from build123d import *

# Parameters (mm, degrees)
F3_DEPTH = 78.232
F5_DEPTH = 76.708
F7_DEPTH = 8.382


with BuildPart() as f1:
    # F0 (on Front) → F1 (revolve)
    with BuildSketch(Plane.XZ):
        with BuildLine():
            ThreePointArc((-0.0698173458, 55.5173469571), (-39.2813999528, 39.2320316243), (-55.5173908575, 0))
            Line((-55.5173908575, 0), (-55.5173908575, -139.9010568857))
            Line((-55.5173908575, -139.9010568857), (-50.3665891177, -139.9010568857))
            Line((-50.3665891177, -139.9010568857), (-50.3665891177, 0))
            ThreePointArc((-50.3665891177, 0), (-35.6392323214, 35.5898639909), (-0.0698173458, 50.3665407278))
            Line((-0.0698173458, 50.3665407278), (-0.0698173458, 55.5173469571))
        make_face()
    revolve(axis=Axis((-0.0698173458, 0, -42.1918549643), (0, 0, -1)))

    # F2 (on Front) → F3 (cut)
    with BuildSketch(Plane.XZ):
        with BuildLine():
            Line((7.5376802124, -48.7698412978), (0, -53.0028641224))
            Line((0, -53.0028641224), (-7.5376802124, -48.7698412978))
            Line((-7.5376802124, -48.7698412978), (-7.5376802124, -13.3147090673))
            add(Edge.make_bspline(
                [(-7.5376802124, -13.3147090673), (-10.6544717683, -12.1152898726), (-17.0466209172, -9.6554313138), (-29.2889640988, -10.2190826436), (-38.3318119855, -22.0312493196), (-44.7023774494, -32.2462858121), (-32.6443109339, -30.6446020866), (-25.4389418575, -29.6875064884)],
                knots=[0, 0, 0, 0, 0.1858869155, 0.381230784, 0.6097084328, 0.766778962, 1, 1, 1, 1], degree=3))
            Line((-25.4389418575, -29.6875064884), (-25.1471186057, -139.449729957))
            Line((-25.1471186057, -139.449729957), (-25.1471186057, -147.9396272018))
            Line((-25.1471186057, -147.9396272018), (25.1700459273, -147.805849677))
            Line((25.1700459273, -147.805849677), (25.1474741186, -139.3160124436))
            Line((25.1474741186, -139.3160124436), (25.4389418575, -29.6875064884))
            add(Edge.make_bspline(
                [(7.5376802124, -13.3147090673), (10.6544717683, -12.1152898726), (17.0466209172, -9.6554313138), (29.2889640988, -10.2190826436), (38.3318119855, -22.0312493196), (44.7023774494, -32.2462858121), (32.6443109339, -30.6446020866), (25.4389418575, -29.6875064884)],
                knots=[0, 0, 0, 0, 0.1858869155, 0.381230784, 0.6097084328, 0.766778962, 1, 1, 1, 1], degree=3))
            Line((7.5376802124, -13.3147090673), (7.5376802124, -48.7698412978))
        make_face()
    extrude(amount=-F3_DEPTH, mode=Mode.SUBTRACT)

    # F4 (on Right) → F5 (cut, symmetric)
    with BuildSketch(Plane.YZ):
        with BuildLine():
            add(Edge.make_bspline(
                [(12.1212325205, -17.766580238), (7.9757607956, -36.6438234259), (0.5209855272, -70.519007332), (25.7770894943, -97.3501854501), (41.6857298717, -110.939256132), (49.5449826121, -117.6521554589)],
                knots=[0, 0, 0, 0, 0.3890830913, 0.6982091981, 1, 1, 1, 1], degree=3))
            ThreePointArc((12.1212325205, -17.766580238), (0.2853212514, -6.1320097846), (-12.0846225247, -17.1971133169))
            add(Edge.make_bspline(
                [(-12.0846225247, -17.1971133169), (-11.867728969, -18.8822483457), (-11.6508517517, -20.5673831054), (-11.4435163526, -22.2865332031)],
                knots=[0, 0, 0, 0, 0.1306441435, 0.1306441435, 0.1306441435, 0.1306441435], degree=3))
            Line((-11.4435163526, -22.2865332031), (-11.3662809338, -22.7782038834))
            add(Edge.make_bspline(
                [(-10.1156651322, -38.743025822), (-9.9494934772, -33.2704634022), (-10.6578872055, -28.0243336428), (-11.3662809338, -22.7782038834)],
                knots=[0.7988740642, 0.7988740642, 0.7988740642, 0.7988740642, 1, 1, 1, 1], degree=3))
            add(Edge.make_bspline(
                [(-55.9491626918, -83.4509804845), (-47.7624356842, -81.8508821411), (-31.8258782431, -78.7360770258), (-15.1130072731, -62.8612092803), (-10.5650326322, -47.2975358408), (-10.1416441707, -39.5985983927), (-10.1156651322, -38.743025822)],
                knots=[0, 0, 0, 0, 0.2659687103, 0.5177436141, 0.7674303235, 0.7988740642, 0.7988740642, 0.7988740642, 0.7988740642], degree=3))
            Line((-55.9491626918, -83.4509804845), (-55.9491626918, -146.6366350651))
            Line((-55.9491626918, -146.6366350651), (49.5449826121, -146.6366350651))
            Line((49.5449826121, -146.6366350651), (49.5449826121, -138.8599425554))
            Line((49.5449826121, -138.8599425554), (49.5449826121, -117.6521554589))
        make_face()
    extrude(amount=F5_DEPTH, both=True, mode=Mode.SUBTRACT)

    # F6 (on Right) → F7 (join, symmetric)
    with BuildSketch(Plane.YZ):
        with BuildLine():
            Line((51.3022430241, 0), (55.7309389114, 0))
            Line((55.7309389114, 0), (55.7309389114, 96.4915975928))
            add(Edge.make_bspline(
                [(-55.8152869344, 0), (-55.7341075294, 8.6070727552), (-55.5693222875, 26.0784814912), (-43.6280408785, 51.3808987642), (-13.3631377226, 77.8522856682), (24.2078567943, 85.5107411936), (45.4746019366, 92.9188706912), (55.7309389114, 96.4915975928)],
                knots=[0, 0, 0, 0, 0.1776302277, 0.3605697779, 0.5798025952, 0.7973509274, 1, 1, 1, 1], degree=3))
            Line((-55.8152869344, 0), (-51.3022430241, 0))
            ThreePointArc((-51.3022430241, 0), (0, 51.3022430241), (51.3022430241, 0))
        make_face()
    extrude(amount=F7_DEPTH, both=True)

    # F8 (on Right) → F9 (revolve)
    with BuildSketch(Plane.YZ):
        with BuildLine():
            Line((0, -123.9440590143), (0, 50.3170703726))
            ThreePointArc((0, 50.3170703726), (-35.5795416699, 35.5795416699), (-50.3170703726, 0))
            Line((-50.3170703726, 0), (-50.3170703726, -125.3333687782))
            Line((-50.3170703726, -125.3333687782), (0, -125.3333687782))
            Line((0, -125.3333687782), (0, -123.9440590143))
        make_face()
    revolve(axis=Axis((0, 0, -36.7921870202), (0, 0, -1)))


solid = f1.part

ASSIGNED TASK:
Each line in the records above with "amount" must be returned.

THE COMPLETED TASK:
    extrude(amount=-F3_DEPTH, mode=Mode.SUBTRACT)
    extrude(amount=F5_DEPTH, both=True, mode=Mode.SUBTRACT)
    extrude(amount=F7_DEPTH, both=True)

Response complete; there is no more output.